Task description - Among the entries below, copy every line that carries the word "StopTime".

Data records -

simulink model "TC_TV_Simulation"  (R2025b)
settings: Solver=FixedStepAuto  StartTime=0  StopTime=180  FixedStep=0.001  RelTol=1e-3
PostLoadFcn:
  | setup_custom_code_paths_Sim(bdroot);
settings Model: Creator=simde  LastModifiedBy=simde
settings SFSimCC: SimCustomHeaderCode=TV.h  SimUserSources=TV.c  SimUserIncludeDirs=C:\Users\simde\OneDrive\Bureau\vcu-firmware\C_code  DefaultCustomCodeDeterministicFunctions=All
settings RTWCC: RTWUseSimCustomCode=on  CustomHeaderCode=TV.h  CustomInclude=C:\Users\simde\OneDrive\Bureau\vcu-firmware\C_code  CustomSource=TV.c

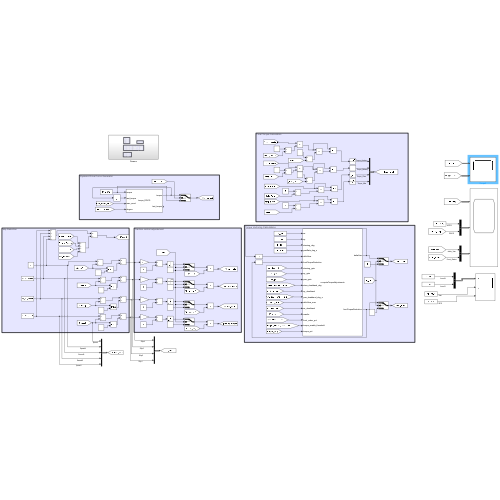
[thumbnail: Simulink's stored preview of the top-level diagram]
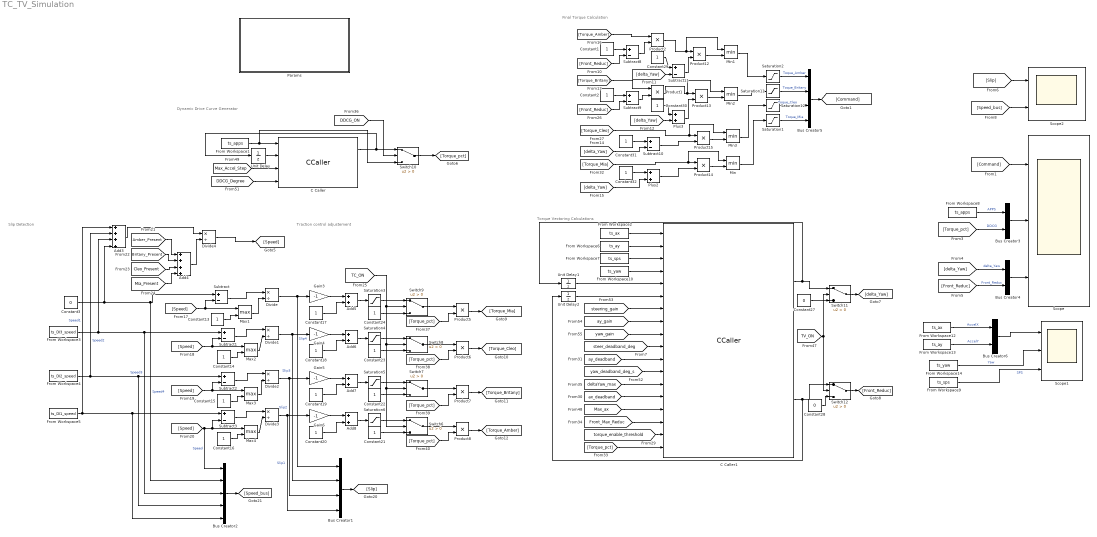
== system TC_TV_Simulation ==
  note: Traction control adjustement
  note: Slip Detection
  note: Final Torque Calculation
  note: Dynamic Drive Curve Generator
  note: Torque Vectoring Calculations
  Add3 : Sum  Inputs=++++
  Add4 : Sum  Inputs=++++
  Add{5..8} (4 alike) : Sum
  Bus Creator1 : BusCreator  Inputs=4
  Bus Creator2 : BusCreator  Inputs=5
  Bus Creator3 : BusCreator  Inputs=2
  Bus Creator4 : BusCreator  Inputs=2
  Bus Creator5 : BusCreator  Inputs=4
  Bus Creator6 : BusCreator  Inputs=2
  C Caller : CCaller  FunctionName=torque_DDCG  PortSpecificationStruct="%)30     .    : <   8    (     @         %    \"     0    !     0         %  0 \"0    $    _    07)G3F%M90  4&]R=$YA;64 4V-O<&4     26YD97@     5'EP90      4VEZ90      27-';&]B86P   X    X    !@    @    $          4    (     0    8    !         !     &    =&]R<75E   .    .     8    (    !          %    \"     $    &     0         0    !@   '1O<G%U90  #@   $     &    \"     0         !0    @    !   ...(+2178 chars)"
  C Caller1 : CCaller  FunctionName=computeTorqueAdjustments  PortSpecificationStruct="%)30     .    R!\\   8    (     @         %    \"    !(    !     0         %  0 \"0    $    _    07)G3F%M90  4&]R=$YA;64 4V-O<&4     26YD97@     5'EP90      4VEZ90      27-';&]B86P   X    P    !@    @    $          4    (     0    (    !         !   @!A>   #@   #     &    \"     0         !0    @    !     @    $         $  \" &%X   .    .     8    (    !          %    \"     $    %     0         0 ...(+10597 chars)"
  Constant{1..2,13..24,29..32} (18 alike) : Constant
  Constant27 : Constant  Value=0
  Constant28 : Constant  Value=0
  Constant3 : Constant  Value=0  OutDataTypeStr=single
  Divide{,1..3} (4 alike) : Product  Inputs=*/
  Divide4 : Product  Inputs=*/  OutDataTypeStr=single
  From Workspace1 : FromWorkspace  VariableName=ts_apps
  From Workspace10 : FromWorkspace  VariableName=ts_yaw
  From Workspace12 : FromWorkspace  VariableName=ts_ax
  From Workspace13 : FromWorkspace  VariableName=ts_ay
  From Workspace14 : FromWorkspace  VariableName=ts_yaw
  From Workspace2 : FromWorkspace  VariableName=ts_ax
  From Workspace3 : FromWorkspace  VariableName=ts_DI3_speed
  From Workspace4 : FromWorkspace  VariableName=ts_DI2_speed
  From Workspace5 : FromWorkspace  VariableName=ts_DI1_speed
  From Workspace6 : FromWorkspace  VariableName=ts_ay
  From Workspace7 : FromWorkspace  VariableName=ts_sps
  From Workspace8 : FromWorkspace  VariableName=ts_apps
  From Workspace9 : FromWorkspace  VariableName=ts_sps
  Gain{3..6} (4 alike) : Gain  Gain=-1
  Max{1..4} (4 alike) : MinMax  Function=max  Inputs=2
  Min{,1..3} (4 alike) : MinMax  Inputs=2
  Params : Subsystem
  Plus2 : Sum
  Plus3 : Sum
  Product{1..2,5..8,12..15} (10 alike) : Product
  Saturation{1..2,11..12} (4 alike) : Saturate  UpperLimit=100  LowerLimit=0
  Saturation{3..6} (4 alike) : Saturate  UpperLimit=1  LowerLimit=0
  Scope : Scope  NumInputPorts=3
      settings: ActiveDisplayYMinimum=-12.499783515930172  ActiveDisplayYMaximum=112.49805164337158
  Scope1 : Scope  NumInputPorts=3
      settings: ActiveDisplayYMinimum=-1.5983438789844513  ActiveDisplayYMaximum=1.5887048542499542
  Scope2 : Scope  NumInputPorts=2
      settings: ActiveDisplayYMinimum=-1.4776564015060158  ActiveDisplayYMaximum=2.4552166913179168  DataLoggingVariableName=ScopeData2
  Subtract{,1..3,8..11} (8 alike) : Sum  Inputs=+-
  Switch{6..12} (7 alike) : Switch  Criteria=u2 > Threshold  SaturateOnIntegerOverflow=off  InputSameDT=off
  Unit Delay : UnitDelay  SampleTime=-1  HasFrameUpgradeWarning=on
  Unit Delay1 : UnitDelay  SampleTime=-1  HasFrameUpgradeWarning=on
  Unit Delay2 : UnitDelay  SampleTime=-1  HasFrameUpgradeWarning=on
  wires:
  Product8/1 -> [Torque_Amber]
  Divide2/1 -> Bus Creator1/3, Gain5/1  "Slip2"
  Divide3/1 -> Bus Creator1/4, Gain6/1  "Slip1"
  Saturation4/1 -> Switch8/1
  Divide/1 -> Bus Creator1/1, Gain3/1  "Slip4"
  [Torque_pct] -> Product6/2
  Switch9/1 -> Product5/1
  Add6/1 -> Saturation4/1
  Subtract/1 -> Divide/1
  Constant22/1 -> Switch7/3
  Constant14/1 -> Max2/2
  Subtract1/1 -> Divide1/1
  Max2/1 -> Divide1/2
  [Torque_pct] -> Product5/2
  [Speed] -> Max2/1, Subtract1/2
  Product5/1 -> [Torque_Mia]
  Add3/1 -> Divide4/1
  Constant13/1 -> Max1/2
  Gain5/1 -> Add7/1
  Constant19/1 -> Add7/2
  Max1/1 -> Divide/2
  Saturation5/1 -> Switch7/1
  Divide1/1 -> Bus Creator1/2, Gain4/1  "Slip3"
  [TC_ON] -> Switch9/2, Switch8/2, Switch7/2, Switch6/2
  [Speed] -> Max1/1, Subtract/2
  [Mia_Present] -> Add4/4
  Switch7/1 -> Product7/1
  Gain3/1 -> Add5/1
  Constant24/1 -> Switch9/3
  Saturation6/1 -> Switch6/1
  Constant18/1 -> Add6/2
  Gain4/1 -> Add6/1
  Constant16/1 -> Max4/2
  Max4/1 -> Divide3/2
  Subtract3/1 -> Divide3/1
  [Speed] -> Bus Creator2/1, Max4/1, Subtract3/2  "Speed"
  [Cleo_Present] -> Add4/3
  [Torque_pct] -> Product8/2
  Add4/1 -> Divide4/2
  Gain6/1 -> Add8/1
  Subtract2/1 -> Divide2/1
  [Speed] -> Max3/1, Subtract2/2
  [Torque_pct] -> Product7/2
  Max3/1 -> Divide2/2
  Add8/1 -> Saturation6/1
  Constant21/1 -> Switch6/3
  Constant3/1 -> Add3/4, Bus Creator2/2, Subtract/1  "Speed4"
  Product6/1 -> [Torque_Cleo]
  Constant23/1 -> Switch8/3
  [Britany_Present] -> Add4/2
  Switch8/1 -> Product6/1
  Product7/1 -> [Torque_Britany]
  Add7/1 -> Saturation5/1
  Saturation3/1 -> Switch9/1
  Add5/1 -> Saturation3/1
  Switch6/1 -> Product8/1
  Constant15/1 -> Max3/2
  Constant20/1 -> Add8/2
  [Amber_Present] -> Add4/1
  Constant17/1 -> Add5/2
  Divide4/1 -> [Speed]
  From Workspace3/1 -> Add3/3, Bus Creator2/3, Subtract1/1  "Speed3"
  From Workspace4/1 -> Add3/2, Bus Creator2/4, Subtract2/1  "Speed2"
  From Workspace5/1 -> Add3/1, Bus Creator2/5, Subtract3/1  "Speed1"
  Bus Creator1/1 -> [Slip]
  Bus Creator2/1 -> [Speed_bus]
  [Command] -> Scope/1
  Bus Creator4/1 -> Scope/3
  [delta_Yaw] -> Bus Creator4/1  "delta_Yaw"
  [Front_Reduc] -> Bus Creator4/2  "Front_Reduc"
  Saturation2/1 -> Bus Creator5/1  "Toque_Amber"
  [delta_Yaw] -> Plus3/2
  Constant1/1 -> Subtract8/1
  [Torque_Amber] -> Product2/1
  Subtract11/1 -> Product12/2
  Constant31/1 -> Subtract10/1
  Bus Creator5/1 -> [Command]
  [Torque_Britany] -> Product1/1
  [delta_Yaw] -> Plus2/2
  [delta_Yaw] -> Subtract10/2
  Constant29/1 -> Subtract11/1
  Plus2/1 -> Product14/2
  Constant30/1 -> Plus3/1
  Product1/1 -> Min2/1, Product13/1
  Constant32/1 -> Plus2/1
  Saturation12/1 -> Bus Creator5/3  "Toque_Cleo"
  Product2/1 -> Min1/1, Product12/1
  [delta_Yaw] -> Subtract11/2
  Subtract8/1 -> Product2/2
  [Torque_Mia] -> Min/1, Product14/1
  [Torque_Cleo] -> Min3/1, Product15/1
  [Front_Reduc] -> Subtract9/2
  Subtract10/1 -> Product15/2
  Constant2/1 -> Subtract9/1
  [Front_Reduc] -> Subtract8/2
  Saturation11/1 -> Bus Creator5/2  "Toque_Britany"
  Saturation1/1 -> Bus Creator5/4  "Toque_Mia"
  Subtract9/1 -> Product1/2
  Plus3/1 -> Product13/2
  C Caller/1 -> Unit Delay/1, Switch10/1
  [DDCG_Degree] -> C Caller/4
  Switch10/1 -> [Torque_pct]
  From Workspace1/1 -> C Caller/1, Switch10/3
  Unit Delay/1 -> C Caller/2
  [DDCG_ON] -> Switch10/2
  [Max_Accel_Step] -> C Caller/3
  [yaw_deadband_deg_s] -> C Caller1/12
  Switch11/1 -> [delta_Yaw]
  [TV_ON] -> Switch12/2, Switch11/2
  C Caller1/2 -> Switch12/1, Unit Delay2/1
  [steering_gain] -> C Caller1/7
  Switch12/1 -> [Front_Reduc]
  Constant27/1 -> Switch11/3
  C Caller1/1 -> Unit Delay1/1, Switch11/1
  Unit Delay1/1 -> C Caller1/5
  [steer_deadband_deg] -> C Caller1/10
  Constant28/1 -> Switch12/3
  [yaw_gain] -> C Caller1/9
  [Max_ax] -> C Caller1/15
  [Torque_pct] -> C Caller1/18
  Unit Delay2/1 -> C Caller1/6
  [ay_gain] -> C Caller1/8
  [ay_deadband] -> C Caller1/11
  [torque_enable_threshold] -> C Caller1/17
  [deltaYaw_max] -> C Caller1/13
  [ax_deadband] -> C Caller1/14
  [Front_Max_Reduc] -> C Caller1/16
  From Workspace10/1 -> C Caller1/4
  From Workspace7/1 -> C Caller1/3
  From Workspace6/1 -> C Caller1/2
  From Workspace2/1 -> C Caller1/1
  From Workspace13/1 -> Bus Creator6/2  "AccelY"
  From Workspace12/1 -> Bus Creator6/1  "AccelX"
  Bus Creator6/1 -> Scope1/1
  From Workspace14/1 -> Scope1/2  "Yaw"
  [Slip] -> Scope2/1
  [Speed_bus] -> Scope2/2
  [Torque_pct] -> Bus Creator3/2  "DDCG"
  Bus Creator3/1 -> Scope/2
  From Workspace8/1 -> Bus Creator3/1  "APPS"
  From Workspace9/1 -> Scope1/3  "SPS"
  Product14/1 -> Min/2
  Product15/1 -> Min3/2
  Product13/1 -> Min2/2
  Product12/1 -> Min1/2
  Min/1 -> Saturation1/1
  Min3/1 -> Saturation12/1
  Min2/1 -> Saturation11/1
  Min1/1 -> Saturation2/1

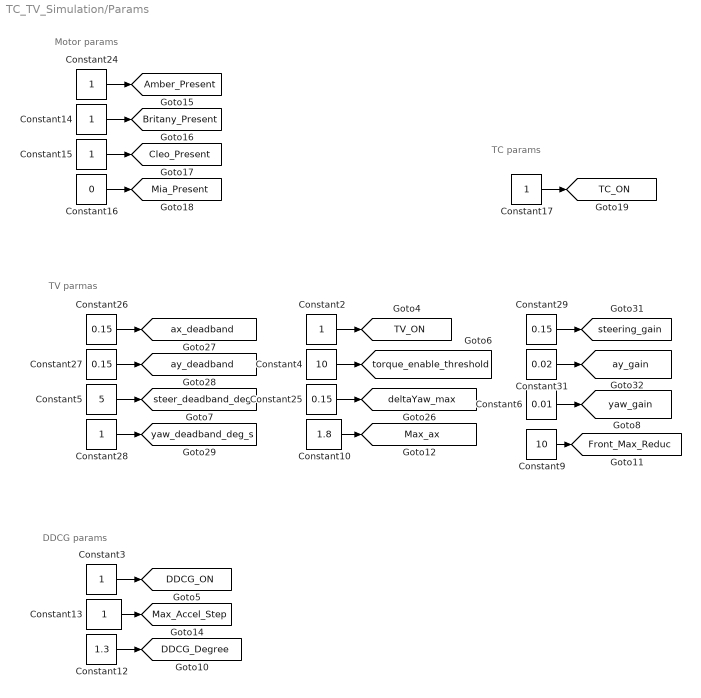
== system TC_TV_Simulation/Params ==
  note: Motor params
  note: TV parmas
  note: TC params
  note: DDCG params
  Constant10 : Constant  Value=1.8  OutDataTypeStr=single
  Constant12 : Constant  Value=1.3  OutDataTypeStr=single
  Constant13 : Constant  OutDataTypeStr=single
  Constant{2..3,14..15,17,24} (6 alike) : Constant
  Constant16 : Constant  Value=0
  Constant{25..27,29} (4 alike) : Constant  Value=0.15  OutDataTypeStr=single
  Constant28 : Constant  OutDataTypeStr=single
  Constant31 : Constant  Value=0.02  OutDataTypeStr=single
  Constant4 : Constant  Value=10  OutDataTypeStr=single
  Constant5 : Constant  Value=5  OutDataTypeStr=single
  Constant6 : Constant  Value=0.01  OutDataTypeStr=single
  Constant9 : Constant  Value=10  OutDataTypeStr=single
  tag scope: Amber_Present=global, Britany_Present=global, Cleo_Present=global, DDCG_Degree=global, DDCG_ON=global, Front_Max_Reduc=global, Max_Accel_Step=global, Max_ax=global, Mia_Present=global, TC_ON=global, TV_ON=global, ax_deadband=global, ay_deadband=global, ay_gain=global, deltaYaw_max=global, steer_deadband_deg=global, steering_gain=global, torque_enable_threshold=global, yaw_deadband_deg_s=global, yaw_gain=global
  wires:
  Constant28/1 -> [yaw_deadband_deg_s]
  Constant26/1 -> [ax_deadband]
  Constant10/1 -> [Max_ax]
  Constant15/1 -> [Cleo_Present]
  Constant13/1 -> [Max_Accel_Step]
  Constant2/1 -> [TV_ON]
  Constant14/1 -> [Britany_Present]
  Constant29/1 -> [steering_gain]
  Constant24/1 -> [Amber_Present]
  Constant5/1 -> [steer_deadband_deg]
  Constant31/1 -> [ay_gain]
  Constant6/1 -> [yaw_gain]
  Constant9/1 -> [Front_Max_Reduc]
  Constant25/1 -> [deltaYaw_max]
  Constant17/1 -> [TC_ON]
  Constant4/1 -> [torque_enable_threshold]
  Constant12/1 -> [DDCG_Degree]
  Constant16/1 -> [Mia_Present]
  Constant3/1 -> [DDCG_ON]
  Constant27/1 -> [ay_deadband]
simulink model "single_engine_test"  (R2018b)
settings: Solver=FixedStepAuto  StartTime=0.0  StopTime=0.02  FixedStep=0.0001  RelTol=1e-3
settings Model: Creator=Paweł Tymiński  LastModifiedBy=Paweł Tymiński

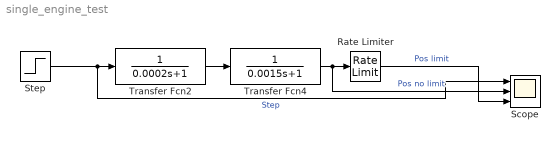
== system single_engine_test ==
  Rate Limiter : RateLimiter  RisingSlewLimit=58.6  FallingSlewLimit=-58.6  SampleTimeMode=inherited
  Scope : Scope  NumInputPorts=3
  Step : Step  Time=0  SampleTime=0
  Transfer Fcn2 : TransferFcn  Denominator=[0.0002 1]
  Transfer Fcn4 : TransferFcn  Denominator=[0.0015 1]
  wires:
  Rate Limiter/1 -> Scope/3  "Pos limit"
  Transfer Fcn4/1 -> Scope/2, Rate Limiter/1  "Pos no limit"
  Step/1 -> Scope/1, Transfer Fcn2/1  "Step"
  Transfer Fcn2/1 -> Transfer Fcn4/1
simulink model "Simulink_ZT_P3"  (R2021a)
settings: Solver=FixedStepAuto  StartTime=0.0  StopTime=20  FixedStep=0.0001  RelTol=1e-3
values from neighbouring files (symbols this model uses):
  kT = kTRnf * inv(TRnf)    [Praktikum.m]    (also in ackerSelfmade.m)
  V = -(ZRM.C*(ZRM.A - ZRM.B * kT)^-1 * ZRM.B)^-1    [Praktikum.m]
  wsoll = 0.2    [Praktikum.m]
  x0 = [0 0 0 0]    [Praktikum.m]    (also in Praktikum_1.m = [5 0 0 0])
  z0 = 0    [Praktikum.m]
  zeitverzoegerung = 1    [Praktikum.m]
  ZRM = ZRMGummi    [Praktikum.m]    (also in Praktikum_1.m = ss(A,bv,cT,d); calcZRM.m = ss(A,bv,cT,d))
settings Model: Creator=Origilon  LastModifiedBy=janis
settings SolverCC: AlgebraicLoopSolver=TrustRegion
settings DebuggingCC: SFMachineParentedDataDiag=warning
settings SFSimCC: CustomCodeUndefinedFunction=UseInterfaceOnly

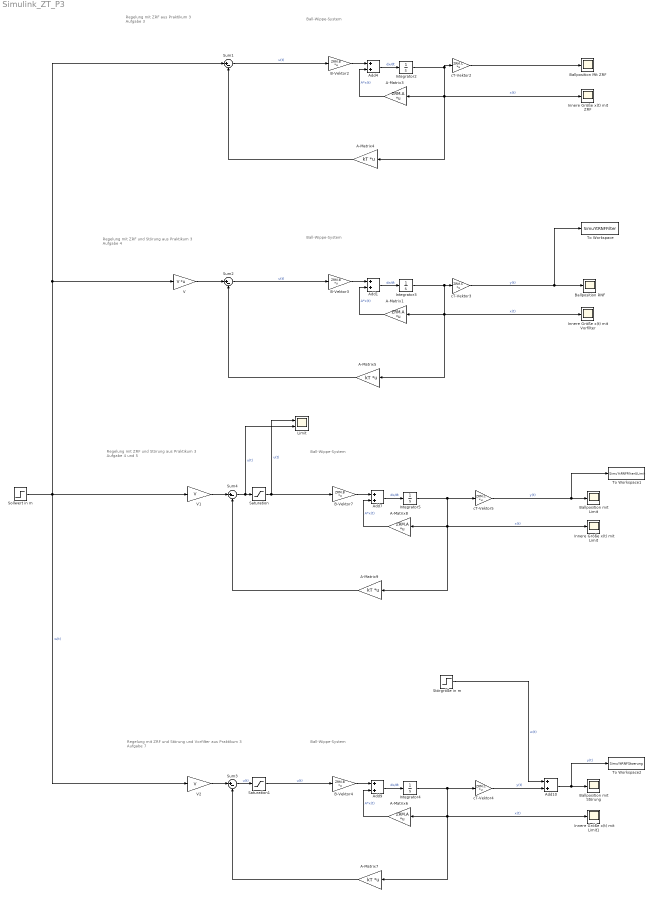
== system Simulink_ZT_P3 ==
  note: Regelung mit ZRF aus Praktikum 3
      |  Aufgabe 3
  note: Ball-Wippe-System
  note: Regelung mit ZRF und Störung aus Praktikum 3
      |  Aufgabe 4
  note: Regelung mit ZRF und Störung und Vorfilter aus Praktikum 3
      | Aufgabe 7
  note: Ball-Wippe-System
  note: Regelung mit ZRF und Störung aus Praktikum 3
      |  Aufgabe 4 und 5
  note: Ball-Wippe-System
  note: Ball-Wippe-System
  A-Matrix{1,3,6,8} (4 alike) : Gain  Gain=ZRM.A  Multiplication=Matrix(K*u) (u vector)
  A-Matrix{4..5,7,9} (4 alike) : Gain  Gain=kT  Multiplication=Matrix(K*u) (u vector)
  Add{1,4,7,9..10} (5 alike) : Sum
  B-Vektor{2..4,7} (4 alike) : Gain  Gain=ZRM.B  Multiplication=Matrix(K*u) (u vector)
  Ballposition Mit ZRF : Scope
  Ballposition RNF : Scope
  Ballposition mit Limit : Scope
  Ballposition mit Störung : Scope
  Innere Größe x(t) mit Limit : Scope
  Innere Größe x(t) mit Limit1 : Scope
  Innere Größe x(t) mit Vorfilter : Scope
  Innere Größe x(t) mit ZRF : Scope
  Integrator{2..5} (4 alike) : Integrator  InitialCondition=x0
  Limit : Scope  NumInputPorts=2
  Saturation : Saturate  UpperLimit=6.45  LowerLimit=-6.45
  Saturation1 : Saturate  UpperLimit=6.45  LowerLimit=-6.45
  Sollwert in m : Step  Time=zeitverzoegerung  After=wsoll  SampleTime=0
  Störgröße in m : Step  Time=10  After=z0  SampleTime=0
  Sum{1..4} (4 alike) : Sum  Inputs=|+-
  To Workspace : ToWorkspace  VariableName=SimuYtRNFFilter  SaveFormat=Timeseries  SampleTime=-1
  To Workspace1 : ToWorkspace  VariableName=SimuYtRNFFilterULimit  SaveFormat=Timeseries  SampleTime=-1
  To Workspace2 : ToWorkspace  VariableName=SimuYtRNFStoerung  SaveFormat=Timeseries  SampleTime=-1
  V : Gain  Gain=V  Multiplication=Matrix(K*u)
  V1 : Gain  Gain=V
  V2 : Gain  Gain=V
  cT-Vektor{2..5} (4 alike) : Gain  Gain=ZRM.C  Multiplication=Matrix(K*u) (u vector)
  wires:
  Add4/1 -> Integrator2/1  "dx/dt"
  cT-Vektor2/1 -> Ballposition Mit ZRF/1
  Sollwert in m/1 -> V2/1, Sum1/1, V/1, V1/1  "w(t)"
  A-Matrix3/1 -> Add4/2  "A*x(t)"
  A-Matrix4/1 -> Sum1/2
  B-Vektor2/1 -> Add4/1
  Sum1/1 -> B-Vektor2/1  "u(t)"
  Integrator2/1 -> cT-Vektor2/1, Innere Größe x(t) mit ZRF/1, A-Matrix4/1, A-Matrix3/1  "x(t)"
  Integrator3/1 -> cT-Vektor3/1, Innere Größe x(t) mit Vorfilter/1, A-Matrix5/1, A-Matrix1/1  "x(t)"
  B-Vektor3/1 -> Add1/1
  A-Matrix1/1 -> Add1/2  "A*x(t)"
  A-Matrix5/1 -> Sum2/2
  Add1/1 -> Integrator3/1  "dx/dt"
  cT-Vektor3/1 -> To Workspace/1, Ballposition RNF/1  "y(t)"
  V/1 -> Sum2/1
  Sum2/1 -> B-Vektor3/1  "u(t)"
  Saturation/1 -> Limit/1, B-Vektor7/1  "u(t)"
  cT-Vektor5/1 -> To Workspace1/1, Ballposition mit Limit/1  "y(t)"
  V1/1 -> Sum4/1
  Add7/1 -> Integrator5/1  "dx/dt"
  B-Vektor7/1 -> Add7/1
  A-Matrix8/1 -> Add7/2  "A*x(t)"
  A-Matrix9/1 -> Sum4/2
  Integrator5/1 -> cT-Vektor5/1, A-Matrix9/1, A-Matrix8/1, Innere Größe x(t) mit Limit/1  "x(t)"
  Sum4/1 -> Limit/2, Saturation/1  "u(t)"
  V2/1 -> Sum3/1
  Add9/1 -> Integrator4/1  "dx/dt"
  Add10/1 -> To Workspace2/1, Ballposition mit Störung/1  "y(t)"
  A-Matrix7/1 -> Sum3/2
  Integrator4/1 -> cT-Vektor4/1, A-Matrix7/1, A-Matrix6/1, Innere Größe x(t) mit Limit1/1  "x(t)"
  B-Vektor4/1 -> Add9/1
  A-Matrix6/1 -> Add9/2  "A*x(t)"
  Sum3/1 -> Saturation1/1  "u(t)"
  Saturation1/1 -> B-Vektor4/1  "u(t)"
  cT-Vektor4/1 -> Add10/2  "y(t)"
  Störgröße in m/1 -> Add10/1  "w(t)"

Response box -
settings: Solver=FixedStepAuto  StartTime=0  StopTime=180  FixedStep=0.001  RelTol=1e-3
settings: Solver=FixedStepAuto  StartTime=0.0  StopTime=0.02  FixedStep=0.0001  RelTol=1e-3
settings: Solver=FixedStepAuto  StartTime=0.0  StopTime=20  FixedStep=0.0001  RelTol=1e-3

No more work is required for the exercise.